Previous research has established distinct variations in early embryonic cleavage patterns across nematode species, highlighting diverse and specific embryonic developmental characteristics that correlate with their phylogenetic positions7,8. Notable examples include the plasticity in embryogenesis pattern formation observed in Acrobeloides nanus9 and the postembryonic mouth dimorphism seen in Pristionchus pacificus10. Particularly striking peculiarities are observed within the Enoplea group, since members of clade 1B,such as Enoplus brevis11 and Pontonema vulgaris12, lack asymmetric cleavages during initial blastomere development, where a gut lineage was evident. Another example is Tobrilus diversipapillatus13 which displays a unique developmental feature of a prominent coeloblastula, a trait normally thought to be absent in nematodes. This diversity in embryonic development is further reflected in the considerable variability in the time taken by each species to reach equivalent developmental stages.
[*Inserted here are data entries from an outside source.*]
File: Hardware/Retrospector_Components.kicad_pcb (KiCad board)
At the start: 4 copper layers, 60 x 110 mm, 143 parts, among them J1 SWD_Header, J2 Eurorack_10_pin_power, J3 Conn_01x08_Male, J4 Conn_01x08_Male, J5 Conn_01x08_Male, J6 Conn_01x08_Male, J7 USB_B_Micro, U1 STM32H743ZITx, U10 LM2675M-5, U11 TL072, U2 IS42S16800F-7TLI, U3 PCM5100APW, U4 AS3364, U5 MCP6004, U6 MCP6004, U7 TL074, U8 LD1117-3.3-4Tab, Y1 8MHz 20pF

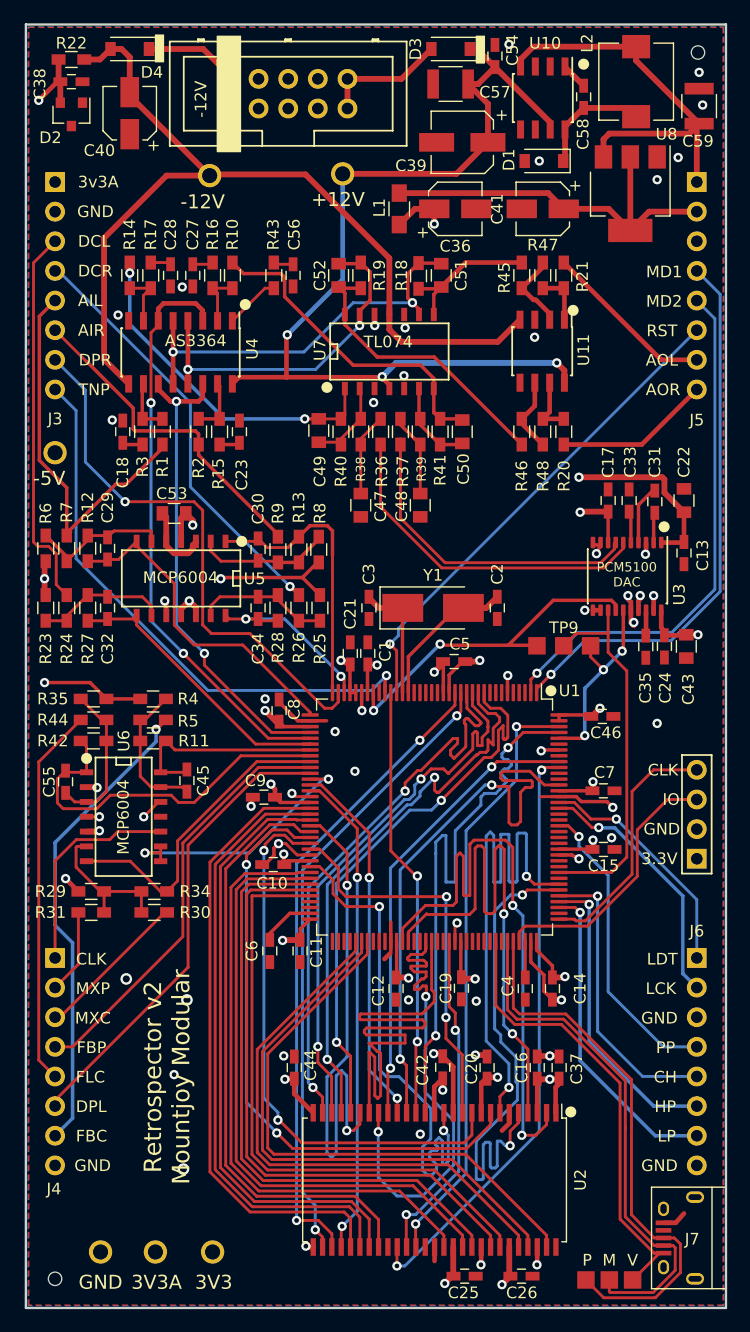
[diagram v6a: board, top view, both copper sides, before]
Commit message: Added cycling test mode to RGB LED; Further updates to PCB layout
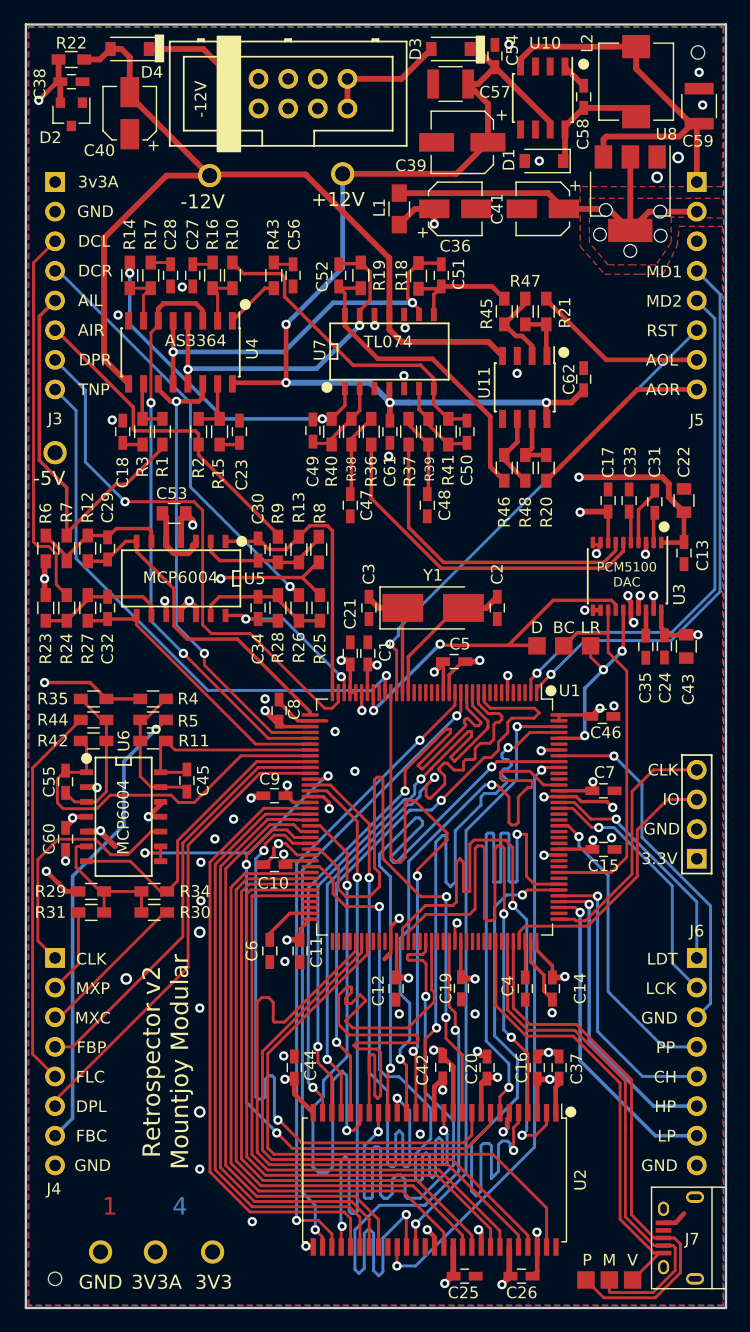
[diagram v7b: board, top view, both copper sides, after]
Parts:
- added C60: 2.2uF, Capacitors_SMD:C_0603_HandSoldering, F.Cu at (103.4, 119.8)
- added C61: 2.2uF, Capacitors_SMD:C_0603_HandSoldering, F.Cu at (131.2, 84.9)
- added C62: 2.2uF, Capacitors_SMD:C_0603_HandSoldering, F.Cu at (147.8, 80.4)
- added REF**: 4_Layer_Markers, Custom_Footprints:4_Layer_Markers, F.Cu at (110.2, 151.3)
- C47, C48, C49, C50, C51, C52: footprint Capacitors_SMD:C_0805 -> Capacitors_SMD:C_0603_HandSoldering
- moved R20 3.44 mm to (144.6, 88.0)
- moved R21 3.44 mm to (144.6, 74.6)
- moved R45 3.44 mm to (141.0, 74.6)
- moved R46 3.44 mm to (141.0, 88.0)
- moved R47 3.44 mm to (142.8, 74.6)
- moved R48 3.44 mm to (142.8, 88.0)
- moved U11 3.44 mm to (142.8, 81.1)
- moved C9 0.91 mm to (121.3, 116.1)
- moved C47 0.90 mm to (127.8, 91.2)
- moved R36 0.80 mm to (129.6, 84.9)
- moved R40 0.80 mm to (126.2, 84.9)
- moved R38 0.80 mm to (127.9, 84.9)
- moved R37 0.70 mm to (132.8, 84.9)
- moved R39 0.70 mm to (134.5, 84.9)
- moved R41 0.70 mm to (136.2, 84.9)
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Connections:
- J6 pad 3: GND -> /LOCK_BTN
- U1 pad 137: Net-(U1-Pad137) -> /LOCK_BTN
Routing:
- net /LOCK_BTN: track 0.00 -> 31.1 mm, vias 0 -> 1
- net /FMC_SDCLK: track 28.9 -> 52.5 mm
- net /FMC_~RAS: track 31.7 -> 51.3 mm
- net /FMC_D6: track 33.6 -> 52.0 mm
- net /FMC_SD~WE: track 37.0 -> 50.4 mm
- net /FMC_SD~E1: track 39.3 -> 50.2 mm
- net /FMC_A6: track 41.8 -> 52.2 mm
- net /FMC_BA0: track 41.0 -> 51.0 mm
- net /FMC_BA1: track 46.2 -> 53.3 mm
- net GND: track 80.1 -> 86.3 mm, vias 54 -> 66
- net /FMC_D2: track 45.0 -> 50.3 mm
- net /FMC_D5: track 48.2 -> 53.4 mm
- net /FMC_A3: track 49.1 -> 54.2 mm
- net /FMC_D13: track 47.9 -> 53.0 mm
- net /FMC_D7: track 46.3 -> 51.1 mm
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- added copper zone on F.Cu, net +3V3
- added copper zone on Power.Rails, net GND
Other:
- board text added: "BC"
- board text added: "D"
- board text added: "LR"
- board text added: "To Do: Ground Vias Opamp decoupling caps Widen traces"
- board text removed: "To Do: Thermal Vias on LDO Ground Vias Opamp decoupling caps Ground under MCU/RAM Layer indicator Widen traces Length match RAM"

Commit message: PCB Clean up
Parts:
- added TP13: TestPoint, Measurement_Points:Measurement_Point_Square-SMD-Pad_Small, F.Cu at (157.8, 110.7)
- added TP14: TestPoint, Measurement_Points:Measurement_Point_Square-SMD-Pad_Small, F.Cu at (154.2, 110.7)
- moved TP5 4.85 mm to (122.3, 63.0)
- moved TP4 1.80 mm to (104.3, 86.8)
- moved J1 1.20 mm to (157.5, 122.7)
- moved C18 0.70 mm to (109.0, 84.9)
- moved C23 0.70 mm to (119.0, 84.9)
- moved C27 0.70 mm to (115.0, 71.5)
- moved R1 0.70 mm to (112.4, 84.9)
- moved R10 0.70 mm to (118.4, 71.5)
- moved R15 0.70 mm to (117.3, 84.9)
- moved R16 0.70 mm to (116.7, 71.5)
- moved R17 0.70 mm to (111.4, 71.5)
- moved R2 0.70 mm to (115.5, 84.9)
- moved R3 0.70 mm to (110.7, 84.9)
- moved U4 0.70 mm to (114.0, 78.1)
- moved C28 0.70 mm to (113.1, 71.5)
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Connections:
- U1 pad 134: Net-(U1-Pad134) -> /LOCK_BTN
- U1 pad 137: /LOCK_BTN -> /I2C1_SDA
- U1 pad 139: Net-(U1-Pad139) -> /I2C1_SCL
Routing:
- net /I2C1_SDA: track 0.00 -> 13.0 mm, vias 0 -> 2
- net /I2C1_SCL: track 0.00 -> 8.98 mm, vias 0 -> 2
- net /LOCK_BTN: track 31.1 -> 28.9 mm
- net /-5V_REF: track 116.4 -> 118.2 mm, vias 5 -> 8
- net VCC: track 88.0 -> 89.7 mm
- net /DAC_OUT_AMP_R: track 27.8 -> 29.2 mm
- net GND: track 86.3 -> 87.4 mm, vias 66 -> 199
- net +3V3: track 116.6 -> 115.5 mm
- net Net-(R43-Pad2): track 5.16 -> 4.20 mm
- net /LED_SPI_CLK: track 22.1 -> 21.3 mm
- net /DELAY_CV_R: track 36.6 -> 37.4 mm
- net /SWCLK: track 21.4 -> 20.7 mm
- net /DRY_OUT_R: track 29.8 -> 29.1 mm
- net /DAC_OUT_AMP_L: track 29.7 -> 29.1 mm
- net /DRY_OUT_L: track 35.2 -> 34.5 mm
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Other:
- board text added: "3VA"
- board text added: "C"
- board text added: "DAC"
- board text added: "LKB"
- board text added: "MCU"
- board text added: "SDRAM"
- board text added: "To Do: Ground Vias"
- board text removed: "3v3A"
- board text removed: "J4"
- board text removed: "To Do: Ground Vias Opamp decoupling caps Widen traces"
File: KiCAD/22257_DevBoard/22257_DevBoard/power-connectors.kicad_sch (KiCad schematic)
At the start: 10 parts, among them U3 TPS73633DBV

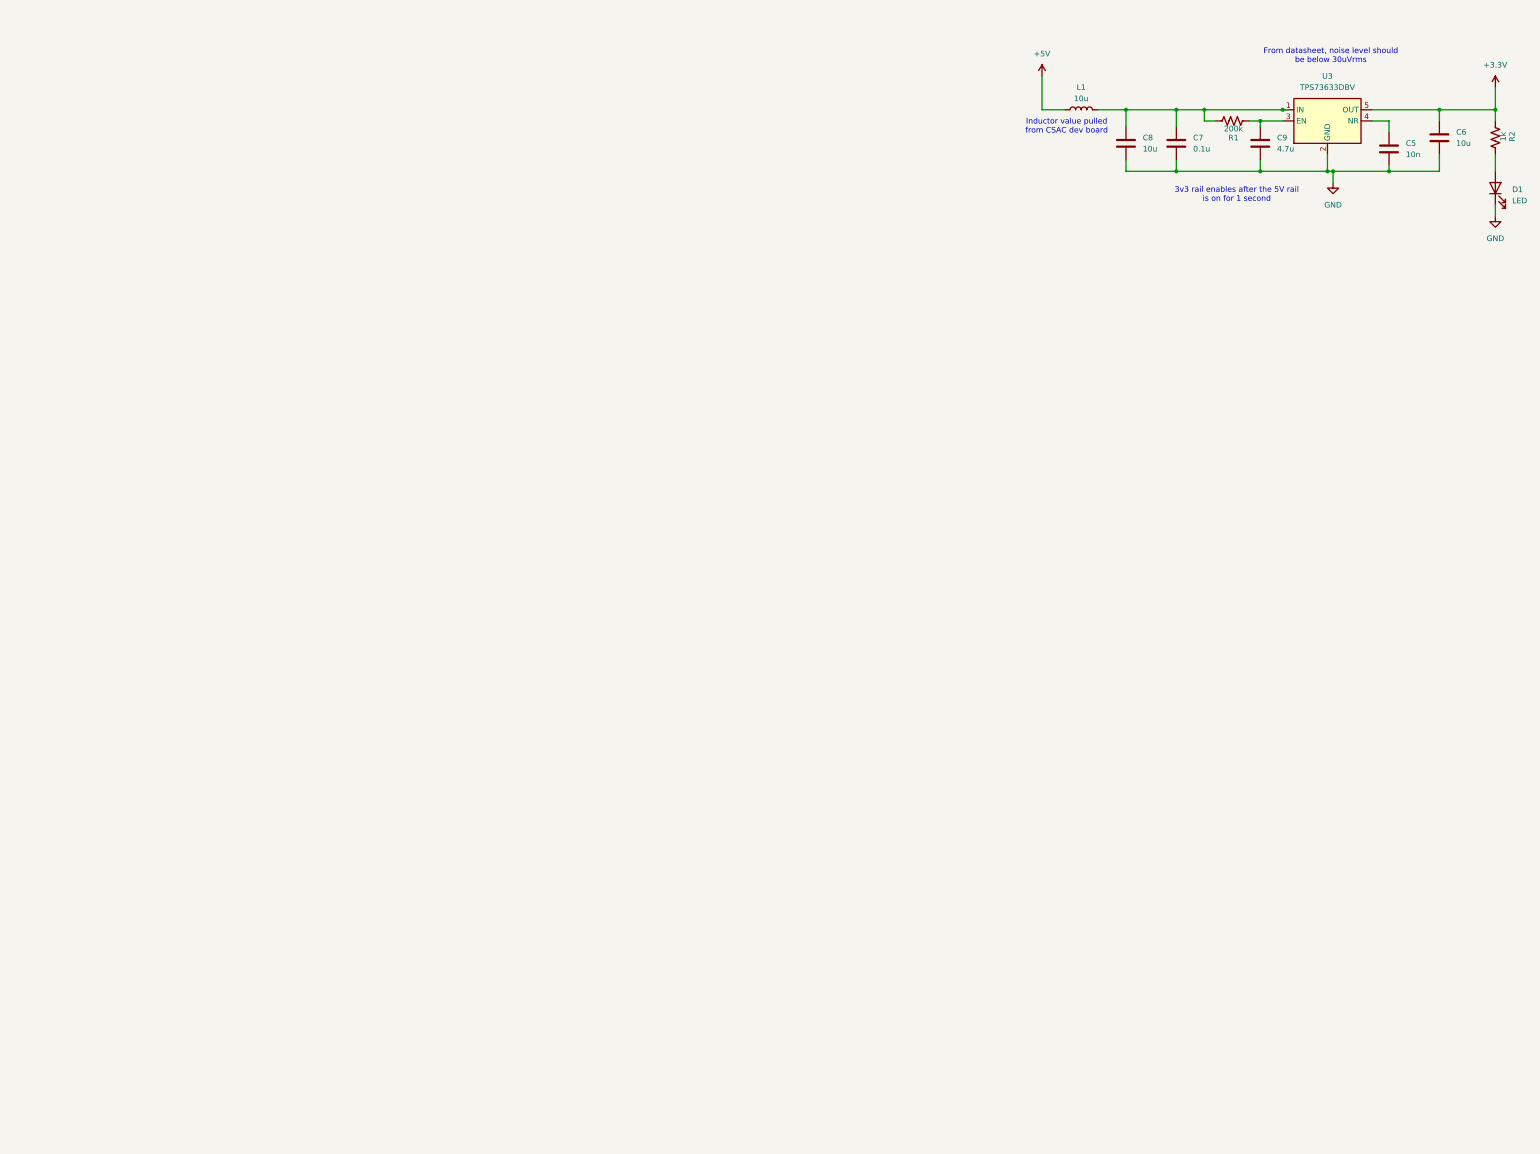
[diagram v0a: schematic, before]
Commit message: More Schematic Updates
Added power monitors and connectors, along with finishing the power circuitry.
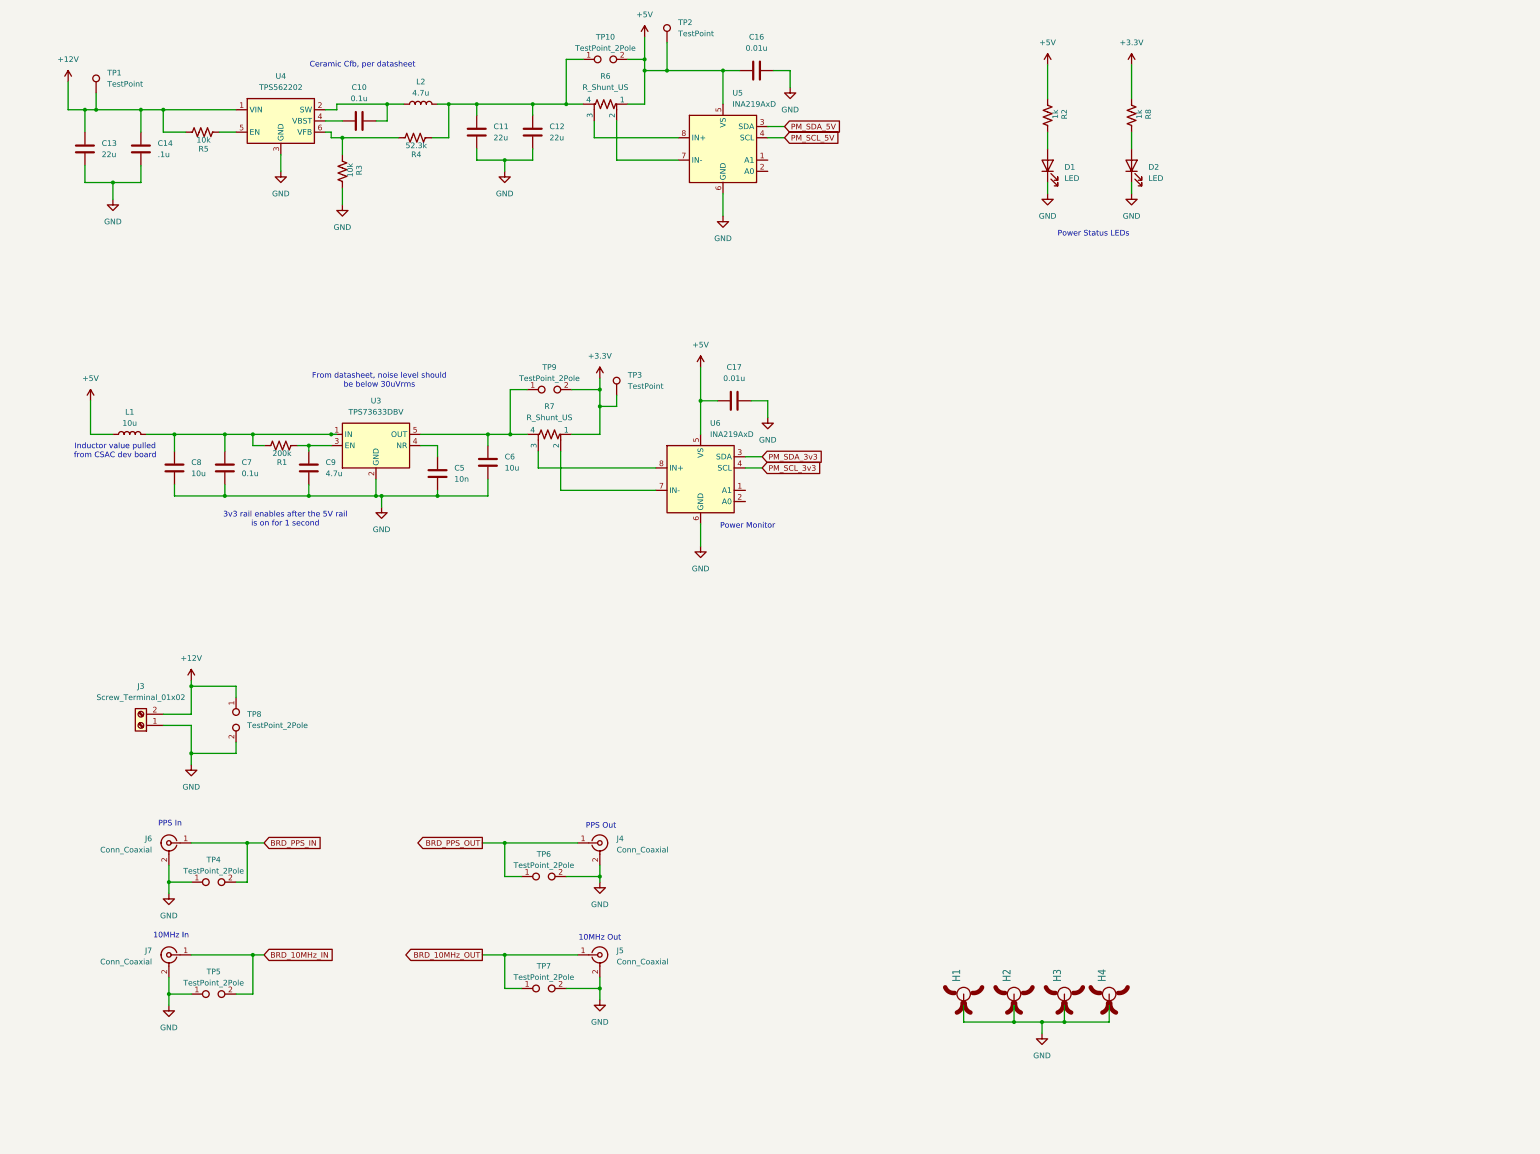
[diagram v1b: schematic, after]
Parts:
- added C10: 0.1u, symbol Device:C
- added C11, C12, C13: 22u, symbol Device:C
- added C14: .1u, symbol Device:C
- added C16, C17: 0.01u, symbol Device:C
- added D2: LED, symbol Device:LED
- added H1, H2, H3, H4: MOUNT-PAD-ROUND5.0, ZED_BREAKOUT_v22:5,0-PAD, symbol ZED_BREAKOUT_v22-eagle-import:MOUNT-PAD-ROUND5.0
- added J3: Screw_Terminal_01x02, symbol Connector:Screw_Terminal_01x02
- added J4, J5, J6, J7: Conn_Coaxial, symbol Connector:Conn_Coaxial
- added L2: 4.7u, symbol Device:L
- added R3, R5: 10k, symbol Device:R_US
- added R4: 52.3k, symbol Device:R_US
- added R6, R7: R_Shunt_US, symbol Device:R_Shunt_US
- added R8: 1k, symbol Device:R_US
- added TP1, TP2, TP3: TestPoint, symbol Connector:TestPoint
- added TP10, TP4, TP5, TP6, TP7, TP8, TP9: TestPoint_2Pole, symbol Connector:TestPoint_2Pole
- added U4: TPS562202, Package_TO_SOT_SMD:SOT-563, symbol Regulator_Switching:TPS562202
- added U5, U6: INA219AxD, Package_SO:SOIC-8_3.9x4.9mm_P1.27mm, symbol Sensor_Energy:INA219AxD
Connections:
- net +3.3V: now also R7.1, R8.2, TP3.1, TP9.2; no longer C6.1, R2.2, U3.5 (OUT)
- net +5V: now also R2.2, C16.1, C17.1, R6.1, TP10.2, TP2.1, U5.5 (VS), U6.5 (VS)
- net GND: now also C11.1, C12.1, C13.1, C14.1, C16.2, C17.2, D2.1 (K), H1.B5 (MOUNT), H2.B5 (MOUNT), H3.B5 (MOUNT), H4.B5 (MOUNT), J3.1 (Pin_1), J4.2 (Ext), J5.2 (Ext), J6.2 (Ext), J7.2 (Ext), R3.1, TP4.1, TP5.1, TP6.2, TP7.2, TP8.2, U4.3 (GND), U5.6 (GND), U6.6 (GND)
- new net: R7.2, U6.7 (IN-)
- new net: R7.3, U6.8 (IN+)
- new net: C6.1, R7.4, TP9.1, U3.5 (OUT)
- new net: R3.2, R4.1, U4.6 (VFB)
- new net: C11.2, C12.2, L2.2, R4.2, R6.4, TP10.1
- new net: R6.2, U5.7 (IN-)
- new net: R6.3, U5.8 (IN+)
- new net: C10.2, L2.1, U4.2 (SW)
- new net: C10.1, U4.4 (VBST)
- new net: R5.2, U4.5 (EN)
- new net: D2.2 (A), R8.1
- new net +12V: C13.2, C14.2, J3.2 (Pin_2), R5.1, TP1.1, TP8.1, U4.1 (VIN)
- new net BRD_10MHz_IN: J7.1 (In), TP5.2
- new net BRD_10MHz_OUT: J5.1 (In), TP7.1
- new net BRD_PPS_IN: J6.1 (In), TP4.2
- new net BRD_PPS_OUT: J4.1 (In), TP6.1
- new net PM_SCL_3v3: U6.4 (SCL)
- new net PM_SCL_5V: U5.4 (SCL)
- new net PM_SDA_3v3: U6.3 (SDA)
- new net PM_SDA_5V: U5.3 (SDA)
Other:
- note added: "10MHz In"
- note added: "10MHz Out"
- note added: "Ceramic Cfb, per datasheet"
- note added: "PPS In"
- note added: "PPS Out"
- note added: "Power Monitor"
- note added: "Power Status LEDs"
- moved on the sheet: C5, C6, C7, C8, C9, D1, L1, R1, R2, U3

For example, H. glycines embryos progress to the J2 stage in approximately six days14, while free-living C. elegans requires approximately three days to develop from zygote eggs into adults15. In contrast, M. incognita show a longer development time of up to 20 days16. The regulation of embryonic development time is species specific and is regulated by the complex interplay of genes involved in embryonic development. Despite their similar morphology and close genetic relationships, many nematode species exhibit distinct genome and developmental characteristics due to developmental drift or selection17. Comprehensive comparative analysis is essential to elucidate the differences between different nematode species.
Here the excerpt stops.